FOUNDATION REPLACEMENT

• General
• Design considerations
• Representative projects

The design required excavating part of the weathered surfaces and replacing them with large concrete ones. The design optimized the lateral behavior of the dam during an earthquake by reducing the differential movement between the monolithic sections. Foundation molding blocks increase and restore the structural and topographical integrity of the "saddle" in the foundation. The RCC foundation of the structure provides structural support and erosion resistance against flows from the valves and adjacent.

The extensive repair work following the Oroville Dam spillway incident in 2017 (ICOLD, 2018) provides another example of the use of RCC for replacing missing or eroded foundations.

COFFERDAMS

• General
• Design considerations
• Representative projects

The expectation for a temporary RCC box dam is that the downstream construction site can quickly recover from an overburden event to resume construction with as little delay as possible. RCC cofferdam at Three Gorges Dam (circa 2006, China) (Photo: China Three Gorges Company, China). The concept of integrating an RCC cofferdam into a finite RCC dam was first developed at Beni Haroun Dam (Algeria) in 1999 and was also used for Yeywa Dam (Myanmar) in 2006.

As shown in Figure 8.11 for the Beni Haroun project, the intention is to construct an RCC cofferdam as the upstream.

RAISING CONCRETE DAMS

• General
• Design considerations
• Representative project
• Representative project

The tests aimed to determine the quality (deterioration due to aging effects), strength, Young's modulus, thermal properties and temperature of the existing dam. The other critical factor was to design the RCC so that its ultimate compressive strength and modulus would be close to the existing embankment concrete. A more detailed discussion of the RCC mix design program was presented by Zhou et al (2009).

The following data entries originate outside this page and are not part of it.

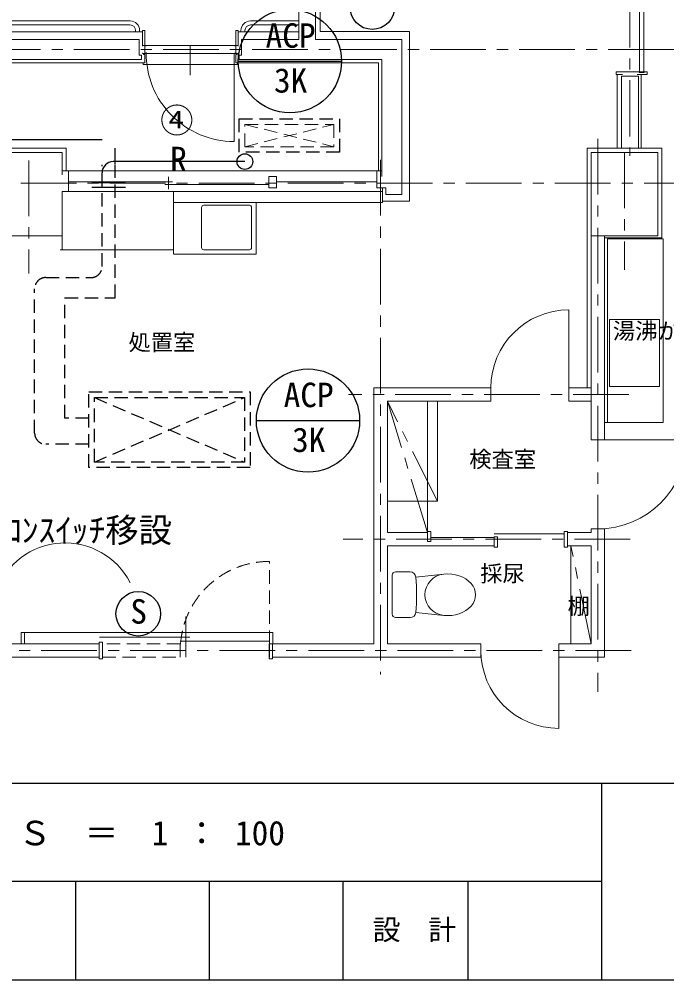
# Model space of a CAD drawing. Units: millimetres, scale not verified. Extents: x -19928 to 19928, y -13899 to 13899.
# Drawn here: x 319 to 6136, y -13899 to -5267 of the extents above; entities that cross this region are included whole.
import ezdxf
from ezdxf.enums import TextEntityAlignment as Align

# ---------------------------------------------------------------- set-up
doc = ezdxf.new("R2010")
doc.units = ezdxf.units.MM
doc.header["$LTSCALE"] = 100
doc.linetypes.add('CHAIN1', pattern=[8, 5, -1, 1, -1])
doc.linetypes.add('DASHED1', pattern=[1.8, 1.2, -0.6])
for name, color, linetype, lineweight in [('0-0_躯体', 4, 'Continuous', 9), ('0-5_冷媒', 2, 'Continuous', 25), ('0-6_ﾄﾞﾚﾝ', 2, 'Continuous', 25), ('0-9_引出線', 3, 'Continuous', 9), ('0-A_図面枠', 3, 'Continuous', 25), ('0-C_部品', 3, 'Continuous', 25)]:
    doc.layers.add(name, color=color, linetype=linetype, lineweight=lineweight)
doc.styles.add('ＭＳ ゴシック', font='')
doc.styles.get('ＭＳ ゴシック').set_extended_font_data('MS Gothic')

msp = doc.modelspace()

# ---------------------------------------------------------------- linework, layer by layer
at = {"layer": '0-0_躯体', "linetype": 'CHAIN1'}
for p, q in [((5805.8, -220.2), (5805.8, -6495.1)), ((-3989.3, -5539.7), (9031.1, -5539.7)), ((5515.8, -6341), (5515.8, -11311.8)), ((5755.8, -6464.7), (5755.8, -7520.1)), ((405.8, -6536.5), (405.8, -7552.3)), ((3565.8, -6530.9), (3565.8, -11156.9)), ((12031.7, -6739.7), (-6896.2, -6739.7)), ((5796.1, -8639.7), (3276.4, -8639.7)), ((4075.8, -9599.7), (3625.8, -8699.7)), ((3985.8, -9879.7), (3625.8, -8699.7)), ((5806.5, -9939.7), (3228.5, -9939.7)), ((5455.8, -10879.7), (5275.8, -9999.7)), ((5816.8, -10939.7), (-4131.1, -10939.7))]:
    msp.add_line(p, q, dxfattribs=at)
at = {"layer": '0-0_躯体'}
for p, q in [((5890.8, -5739.7), (5890.8, -4839.7)), ((5930.8, -5739.7), (5930.8, -4839.7)), ((2830.8, -5449.7), (2830.8, -5004.7)), ((2980.8, -5449.7), (2980.8, -5004.7)), ((3021.3, -5379.2), (3021.3, -4989.7)), ((-3914.7, -5283.2), (1314.5, -5283.2)), ((-3914.7, -5319.2), (1314.5, -5319.2)), ((2397, -5283.2), (2830.8, -5283.2)), ((2397, -5319.2), (2830.8, -5319.2)), ((175.8, -5382.2), (1425.8, -5382.2)), ((1364.5, -5369.2), (1364.5, -5384.5)), ((1400.5, -5369.2), (1400.5, -5384.5)), ((1425.8, -5370.2), (1425.8, -5502.8)), ((1425.8, -5370.2), (1445.8, -5370.2)), ((1445.8, -5370.2), (1445.8, -5502.8)), ((2265.8, -5370.2), (2265.8, -5502.8)), ((2285.8, -5370.2), (2265.8, -5370.2)), ((2285.8, -5370.2), (2285.8, -5502.8)), ((2285.8, -5382.2), (2830.8, -5382.2)), ((2311, -5369.2), (2311, -5384.5)), ((2347, -5369.2), (2347, -5384.5)), ((3021.3, -5379.2), (3826.3, -5379.2)), ((3826.3, -6902.5), (3826.3, -5379.2)), ((205.8, -5449.7), (1395.8, -5449.7)), ((1395.8, -5449.7), (1395.8, -5590.7)), ((1425.8, -5504.7), (1455.8, -5504.7)), ((1425.8, -5504.7), (1425.8, -5510.8)), ((1445.8, -5504.7), (1445.8, -5574.7)), ((1455.8, -5504.7), (2255.8, -5504.7)), ((1455.8, -5504.7), (1455.8, -5510.8)), ((1855.8, -5504.7), (1855.8, -5769)), ((2285.8, -5504.7), (2255.8, -5504.7)), ((2255.8, -5504.7), (2255.8, -5510.8)), ((2265.8, -5504.7), (2265.8, -5574.7)), ((2285.8, -5504.7), (2285.8, -5510.8)), ((2315.8, -5449.7), (2830.8, -5449.7)), ((2315.8, -5449.7), (2315.8, -5590.7)), ((2980.8, -5449.7), (3755.8, -5449.7)), ((3755.8, -6841.3), (3755.8, -5449.7)), ((1415.8, -5590.7), (1395.8, -5590.7)), ((1415.8, -5590.7), (1415.8, -5629.7)), ((1425.8, -5574.7), (1425.8, -5568.6)), ((1425.8, -5574.7), (1455.8, -5574.7)), ((1445.8, -5584.7), (1445.8, -5659.7)), ((1455.8, -5569.2), (1455.8, -5574.7)), ((1455.8, -5574.7), (2255.8, -5574.7)), ((2248.9, -5576.6), (2248.9, -6365.9)), ((2255.8, -5569.2), (2255.8, -5574.7)), ((2265.8, -5584.7), (2265.8, -5659.7)), ((2285.8, -5574.7), (2285.8, -5568.6)), ((2295.8, -5590.7), (2315.8, -5590.7)), ((2295.8, -5590.7), (2295.8, -5629.7)), ((6257.3, -5539.7), (5979.8, -5539.7)), ((155.8, -5659.7), (1445.8, -5659.7)), ((185.8, -5629.7), (1415.8, -5629.7)), ((1430.8, -5659.7), (1430.8, -5674.7)), ((1430.8, -5674.7), (2280.8, -5674.7)), ((2265.8, -5659.7), (3545.8, -5659.7)), ((2280.8, -5659.7), (2280.8, -5674.7)), ((2295.8, -5629.7), (3575.8, -5629.7)), ((3545.8, -6629.7), (3545.8, -5659.7)), ((3575.8, -6679.7), (3575.8, -5629.7)), ((5887.8, -5739.7), (5681.3, -5739.7)), ((5681.3, -5764.7), (5681.3, -5739.7)), ((5737.6, -5764.7), (5681.3, -5764.7)), ((5690.3, -6424.7), (5690.3, -5764.7)), ((5730.8, -6424.7), (5730.8, -5779.7)), ((5730.8, -5779.7), (5880.8, -5779.7)), ((5730.8, -5779.7), (5880.8, -5779.7)), ((5960.8, -5764.7), (5869.2, -5764.7)), ((5880.8, -6424.7), (5880.8, -5779.7)), ((5887.8, -5744.7), (5887.8, -5739.7)), ((5933.8, -5744.7), (5887.8, -5744.7)), ((5890.8, -5739.7), (5930.6, -5739.7)), ((5905.8, -6424.7), (5905.8, -5764.7)), ((5960.8, -5739.7), (5933.8, -5739.7)), ((5933.8, -5744.7), (5933.8, -5739.7)), ((5960.8, -5764.7), (5960.8, -5739.7)), ((5805.8, -5828.5), (5805.8, -5816)), ((740.8, -6424.7), (70.8, -6424.7)), ((705.8, -6464.7), (105.8, -6464.7)), ((705.8, -6664.7), (705.8, -6464.7)), ((740.8, -6424.7), (740.8, -6627)), ((5420.8, -6424.7), (5420.8, -8579)), ((6090.8, -6424.7), (5420.8, -6424.7)), ((5455.8, -6464.7), (5455.8, -7214.7)), ((6055.8, -6464.7), (5455.8, -6464.7)), ((6055.8, -7214.7), (6055.8, -6464.7)), ((6090.8, -6424.7), (6090.8, -7231.7)), ((760.8, -6629.7), (705.8, -6629.7)), ((3530.8, -6629.7), (760.2, -6629.7)), ((760.8, -6814.7), (760.8, -6629.7)), ((3530.8, -6781.4), (3530.8, -6629.7)), ((3575.8, -6629.7), (3531.7, -6629.7)), ((760.8, -6727.7), (1695.8, -6727.7)), ((1660.8, -6794.7), (1660.8, -6684.7)), ((2560.8, -6781.4), (2560.8, -6679.4)), ((2631.4, -6679.4), (2562.5, -6679.4)), ((2630.8, -6781.4), (2630.8, -6679.4)), ((2630.8, -6727.7), (3530.8, -6727.7)), ((760.8, -6814.7), (705.8, -6814.7)), ((705.8, -7214.7), (705.8, -6814.7)), ((760.8, -6814.7), (3582.7, -6814.7)), ((1625.8, -6751.7), (2560.8, -6751.7)), ((1705.8, -6816.1), (1705.8, -7379.6)), ((2632.4, -6781.4), (2561.5, -6781.4)), ((3612.4, -6781.4), (3530.8, -6781.4)), ((3582.4, -6914.7), (3582.4, -6781.4)), ((3612.4, -6841.3), (3612.4, -6781.4)), ((3826.3, -6902.5), (3582.4, -6902.5)), ((3755.8, -6841.3), (3612.4, -6841.3)), ((1705.8, -6914.7), (3582.7, -6914.7)), ((1956.4, -6959.6), (1956.4, -7319.6)), ((1976.4, -6939.6), (2386.4, -6939.6)), ((2406.4, -6959.6), (2406.4, -7319.6)), ((2446.4, -7379.6), (2446.4, -6914.7)), ((105.8, -7214.7), (705.8, -7214.7)), ((705.8, -7214.7), (705.8, -7338.6)), ((5455.8, -7214.7), (5455.8, -9048.2)), ((5455.8, -7214.7), (6055.8, -7214.7)), ((5575.8, -7214.7), (5575.8, -9048.2)), ((6090.8, -7231.7), (5576.9, -7231.7)), ((6104.4, -7241.1), (5604.4, -7241.1)), ((5604.4, -7241.1), (5604.4, -8891.1)), ((6104.4, -8891.1), (6104.4, -7241.1)), ((1705.8, -7339.7), (685.5, -7339.7)), ((1707.2, -7379.6), (2446.4, -7379.6)), ((1976.4, -7339.6), (2386.4, -7339.6)), ((5255.8, -7879.7), (5255.8, -8699.7)), ((6072.2, -7966.5), (5622.3, -7966.5)), ((5622.3, -7966.5), (5622.3, -8566.5)), ((6072.2, -8566.5), (6072.2, -7966.5)), ((3505.8, -8579.7), (3505.8, -10879.7)), ((4555.8, -8579.7), (3505.8, -8579.7)), ((4555.8, -8579.7), (4555.8, -8699.7)), ((5455.8, -8579.7), (5255.8, -8579.7)), ((5622.3, -8566.5), (6072.2, -8566.5)), ((3625.8, -8699.7), (3625.8, -9879.7)), ((4555.8, -8699.7), (3625.8, -8699.7)), ((3985.8, -8699.7), (3985.8, -9879.7)), ((4075.8, -8699.7), (4075.8, -9599.7)), ((5455.8, -8699.7), (5255.8, -8699.7)), ((5575.8, -8891.1), (6104.4, -8891.1)), ((6315.8, -9048.2), (5455.8, -9048.2)), ((4075.8, -9599.7), (3625.8, -9599.7)), ((3625.8, -9879.7), (3985.8, -9879.7)), ((4015.8, -9871.6), (3985.8, -9871.6)), ((3985.8, -9871.6), (3985.8, -9961.6)), ((4015.8, -9961.6), (4015.8, -9871.6)), ((4585.8, -9924), (4015.8, -9924)), ((4615.8, -9920.2), (4585.8, -9920.2)), ((4585.8, -9920.2), (4585.8, -10010.2)), ((5209.8, -9892.2), (4586.2, -9892.2)), ((4615.8, -10010.2), (4615.8, -9920.2)), ((5245.7, -9871.6), (5215.7, -9871.6)), ((5215.7, -9871.6), (5215.7, -10011.6)), ((5245.7, -10011.6), (5245.7, -9871.6)), ((5245.7, -9879.7), (5455.8, -9879.7)), ((5575.8, -9848.2), (5575.8, -10999.7)), ((3625.8, -9999.7), (4585.8, -9999.7)), ((3625.8, -9999.7), (3625.8, -10879.7)), ((3985.8, -9961.6), (4015.8, -9961.6)), ((4585.8, -10010.2), (4615.8, -10010.2)), ((5215.7, -10011.6), (5245.7, -10011.6)), ((5245.7, -9999.7), (5455.8, -9999.7)), ((5275.8, -9999.7), (5275.8, -10879.7)), ((5455.8, -9999.7), (5455.8, -10879.7)), ((3670.5, -10264.1), (3670.5, -10614.1)), ((3700.5, -10234.1), (3831.7, -10234.1)), ((3881.6, -10280.1), (4132.6, -10253.5)), ((3881.6, -10598.1), (4132.6, -10624.8)), ((1815.4, -10635.5), (1815.4, -10999.7)), ((3700.5, -10644.1), (3831.7, -10644.1)), ((365.9, -10779.7), (365.9, -10879.7)), ((2597.2, -10779.7), (2567.2, -10779.7)), ((2567.2, -10779.7), (2567.2, -10879.7)), ((2597.2, -10879.7), (2597.2, -10779.7)), ((1065.9, -10865.1), (1035.9, -10865.1)), ((1035.9, -10865.1), (1035.9, -11015.1)), ((1852.3, -10819.5), (1039.5, -10819.5)), ((1065.9, -11015.1), (1065.9, -10865.1)), ((2564.2, -10855.9), (1764.8, -10855.9)), ((1035.9, -10879.7), (-1644.2, -10879.7)), ((2565.4, -10879.7), (2565.4, -11015.9)), ((2567.2, -10879.7), (2597.2, -10879.7)), ((3505.8, -10879.7), (2595.4, -10879.7)), ((2595.4, -11015.9), (2595.4, -10879.7)), ((3625.8, -10879.7), (4465.8, -10879.7)), ((4465.8, -10879.7), (4465.8, -10999.7)), ((5165.8, -10879.7), (5455.8, -10879.7)), ((5165.8, -10879.7), (5165.8, -11639.7)), ((-1644.2, -10999.7), (1035.9, -10999.7)), ((1035.9, -11015.1), (1065.9, -11015.1)), ((2565.4, -11015.9), (2595.4, -11015.9)), ((2595.4, -10999.7), (4468.3, -10999.7)), ((5165.8, -10999.7), (5575.8, -10999.7))]:
    msp.add_line(p, q, dxfattribs=at)
at = {"layer": '0-0_躯体', "linetype": 'DASHED1'}
for p, q in [((2565.8, -10879.7), (2565.8, -10139.7)), ((1765.8, -10879.7), (1065.8, -10879.7)), ((1065.8, -10879.7), (1065.8, -10999.7)), ((1765.8, -10879.7), (1765.8, -10999.7)), ((2565.8, -10879.7), (2565.8, -10999.7)), ((1065.8, -10999.7), (1765.8, -10999.7))]:
    msp.add_line(p, q, dxfattribs=at)
at = {"layer": '0-0_躯体'}
for points in [[(1435.8, -5574.7), (1435.8, -5584.7), (1445.8, -5584.7)], [(2255.8, -5574.7), (2285.8, -5574.7), (2255.8, -5574.7)], [(2275.8, -5574.7), (2275.8, -5584.7), (2265.8, -5584.7)], [(5575.8, -9848.2), (5455.8, -9848.2), (5455.8, -9879.7)], [(2567.2, -10779.7), (365.9, -10779.7), (335.9, -10779.7), (335.9, -10879.7)]]:
    msp.add_lwpolyline(points, dxfattribs=at)
for centre, radius, start, end in [((1314.5, -5369.2), 86, 0, 90), ((1314.5, -5369.2), 50, 0, 90), ((2397, -5369.2), 86, 90, 180), ((2397, -5369.2), 50, 90, 180), ((2248.9, -5576.6), 789.3, 179.23793, 269.99998), ((1976.4, -6959.6), 20, 90, 180), ((2386.4, -6959.6), 20, 0, 90), ((1976.4, -7319.6), 20, 180, 270), ((2386.4, -7319.6), 20, 270, 0), ((5255.8, -8579.7), 700, 90, 180), ((5515.8, -9048.2), 800, 270, 0), ((3700.5, -10264.1), 30, 90, 180), ((3831.7, -10284.1), 50, 4.58408, 89.99998), ((4149.8, -10439.1), 186.4, 95.26898, 264.73097), ((1898.5, -10439.1), 1989.4, 355.41591, 4.58406), ((3700.5, -10614.1), 30, 180, 270), ((3831.7, -10594.1), 50, 270, 355.41591), ((5165.8, -10939.7), 700, 180, 270)]:
    msp.add_arc(centre, radius, start, end, dxfattribs=at)
at = {"layer": '0-0_躯体', "linetype": 'DASHED1'}
msp.add_arc((2565.8, -10939.7), 800, 90, 180, dxfattribs=at)
at = {"layer": '0-0_躯体'}
msp.add_ellipse((4167.7, -10439.1), major_axis=(250, 0), ratio=0.75, start_param=4.571776, end_param=7.994594, dxfattribs=at)
at = {"layer": '0-5_冷媒'}
for p, q in [((2345.8, -6546.8), (1163, -6546.8)), ((1063.2, -6735.8), (1063.2, -6646.8)), ((971.4, -6735.8), (1272.3, -6735.8)), ((971.4, -6777.3), (1272.3, -6777.3))]:
    msp.add_line(p, q, dxfattribs=at)
msp.add_circle((2345.8, -6546.8), 70.3, dxfattribs=at)
msp.add_arc((1163.2, -6646.8), 100, 90, 180, dxfattribs=at)
at = {"layer": '0-6_ﾄﾞﾚﾝ'}
for p, q in [((205.3, -6348.4), (1064.9, -6348.4)), ((1180.1, -6569.2), (1180.1, -6427.1))]:
    msp.add_line(p, q, dxfattribs=at)
at = {"layer": '0-9_引出線', "color": 7, "lineweight": 18}
msp.add_arc((731, -10627.2), 654.2, 26.89091, 160.52954, dxfattribs=at)
at = {"layer": '0-A_図面枠'}
for p, q in [((19928.3, -12134.9), (-19928.3, -12134.9)), ((5549.8, -12134.9), (5549.8, -13899.2)), ((-9125.2, -13012.4), (5549.8, -13012.4)), ((824.8, -13012.4), (824.8, -13899.2)), ((2024.8, -13012.4), (2024.8, -13899.2)), ((3224.8, -13012.4), (3224.8, -13899.2)), ((4349.8, -13012.4), (4349.8, -13899.2))]:
    msp.add_line(p, q, dxfattribs=at)
at = {"layer": '0-A_図面枠', "color": 5}
msp.add_line((-19928.3, -13899.2), (19928.3, -13899.2), dxfattribs=at)
at = {"layer": '0-C_部品'}
for p, q in [((2286.9, -5644.9), (3214.6, -5644.9)), ((2449.4, -8874.3), (3377.1, -8874.3))]:
    msp.add_line(p, q, dxfattribs=at)
at = {"layer": '0-C_部品', "color": 4, "linetype": 'DASHED1', "lineweight": 9}
for p, q in [((2345.8, -6212.9), (3145.8, -6412.9)), ((2345.8, -6412.9), (3145.8, -6212.9))]:
    msp.add_line(p, q, dxfattribs=at)
at = {"layer": '0-C_部品', "linetype": 'DASHED1'}
for p, q in [((1063.2, -7489.1), (1063.2, -6574.4)), ((1180.1, -7771.7), (1180.1, -6574.4)), ((557, -7589.1), (963.2, -7589.1)), ((457, -8986.4), (457, -7689.1)), ((727.2, -7771.7), (1180.1, -7771.7)), ((727.2, -8852.7), (727.2, -7771.7)), ((943.9, -9297), (943.9, -8617)), ((943.9, -8617), (2393.9, -8617)), ((2393.9, -8617), (2393.9, -9297)), ((993.9, -9247), (993.9, -8667)), ((993.9, -8667), (2343.9, -9247)), ((993.9, -8667), (2343.9, -8667)), ((943.9, -8852.7), (727.2, -8852.7)), ((943.9, -9086.4), (557, -9086.4)), ((2393.9, -9297), (943.9, -9297)), ((2343.9, -9247), (993.9, -9247))]:
    msp.add_line(p, q, dxfattribs=at)
at = {"layer": '0-C_部品', "color": 2, "linetype": 'DASHED1'}
msp.add_lwpolyline([(2295.8, -6462.9), (2295.8, -6162.9), (3195.8, -6162.9), (3195.8, -6462.9)], close=True, dxfattribs=at)
at = {"layer": '0-C_部品', "color": 4, "linetype": 'DASHED1', "lineweight": 9}
msp.add_lwpolyline([(2345.8, -6412.9), (2345.8, -6212.9), (3145.8, -6212.9), (3145.8, -6412.9)], close=True, dxfattribs=at)
at = {"layer": '0-C_部品', "linetype": 'DASHED1'}
msp.add_lwpolyline([(993.9, -9247), (2343.9, -8667), (2343.9, -9247)], dxfattribs=at)
at = {"layer": '0-C_部品'}
for centre in [(3490.4, -5159.2), (1388, -10610.3)]:
    msp.add_circle(centre, 200, dxfattribs=at)
at = {"layer": '0-C_部品', "color": 2}
for centre in [(2750.7, -5644.9), (2913.2, -8874.3)]:
    msp.add_circle(centre, 463.9, dxfattribs=at)
at = {"layer": '0-C_部品', "linetype": 'DASHED1'}
for centre, start, end in [((963.2, -7489.1), 270, 0), ((557, -7689.1), 90, 180), ((557, -8986.4), 180.00052, 269.99997)]:
    msp.add_arc(centre, 100, start, end, dxfattribs=at)

# ---------------------------------------------------------------- texts
at = {"layer": '0-0_躯体', "style": 'ＭＳ ゴシック'}
for s, p in [('湯沸かし', (5652, -8185.7)), ('処置室', (1300.7, -8288)), ('検査室', (4362.3, -9338.5)), ('採尿', (4460.6, -10365.7)), ('棚', (5245.6, -10659.3))]:
    msp.add_text(s, height=146.6, dxfattribs=at).set_placement(p, align=Align.BOTTOM_LEFT)
at = {"layer": '0-A_図面枠', "style": 'ＭＳ ゴシック'}
msp.add_text('Ｓ\u3000＝\u30001 ： 100', height=219.9, dxfattribs=at).set_placement((308.8, -12756.4), align=Align.BOTTOM_LEFT)
at = {"layer": '0-A_図面枠', "color": 7, "style": 'ＭＳ ゴシック'}
msp.add_text('設\u3000計', height=183.3, dxfattribs=at).set_placement((3494.4, -13596), align=Align.BOTTOM_LEFT)
at = {"layer": '0-C_部品', "style": 'ＭＳ ゴシック'}
for s, p in [('ACP', (2531.9, -5590)), ('3K', (2607.5, -5993.1)), ('④', (1584.7, -6352.7)), ('R', (1674.7, -6699.1)), ('ACP', (2694.4, -8819.4)), ('3K', (2770, -9222.5)), ('ﾘﾓｺﾝｽｲｯﾁ移設', (-108.4, -10035.2)), ('S', (1316.8, -10764.9))]:
    msp.add_text(s, height=219.9, dxfattribs=at).set_placement(p, align=Align.BOTTOM_LEFT)

doc.saveas('drawing.dxf')

As shown in Figure 8.15, the dam includes a wall at the upper part of the embankment.

CONCLUSIONS

RCC ARCH DAMS

• INTRODUCTION
• DESIGN OF RCC ARCH DAMS
• Introduction
• RCC arch dams in China
• Layout
• Arch geometry and cross section
• Short structural joint
• Hinge joint
• Arch dams
• Arch-gravity dams and curved gravity dams
• Arch and arch-gravity dams using low stress-relaxation creep RCC
• RCC MATERIALS & MIXES FOR ARCH DAMS
• General
• RCC arch dams in China
• Arch dams outside China
• THERMAL STRESS ANALYSIS
• THERMAL CONTROL
• General
• Pre-cooling
• Post-cooling
• Joint forming systems
• Groutable transverse contraction joint
• Joint grouting
• Special materials
• INSTRUMENTATION
• PERFORMANCE
• Construction
• In operation
• REFERENCES

Although the RCC arch dams built in China to date generally exhibit relatively simple geometry, many of the structures have a low base thickness/height (W/H) ratio and more recent dams have been built with double curvature (Wang, 2007). RCC installation rates for arch dams are generally lower than for gravity dams due to several of the above issues; And. The contraction joint system is installed together with/as part of the transverse joint induction system; And.

Structural analysis demonstrates that high tensile stresses often develop in RCC arch dams at the upstream face against the abutments and in the lower portions of the crown at the downstream face as the arches bend under load.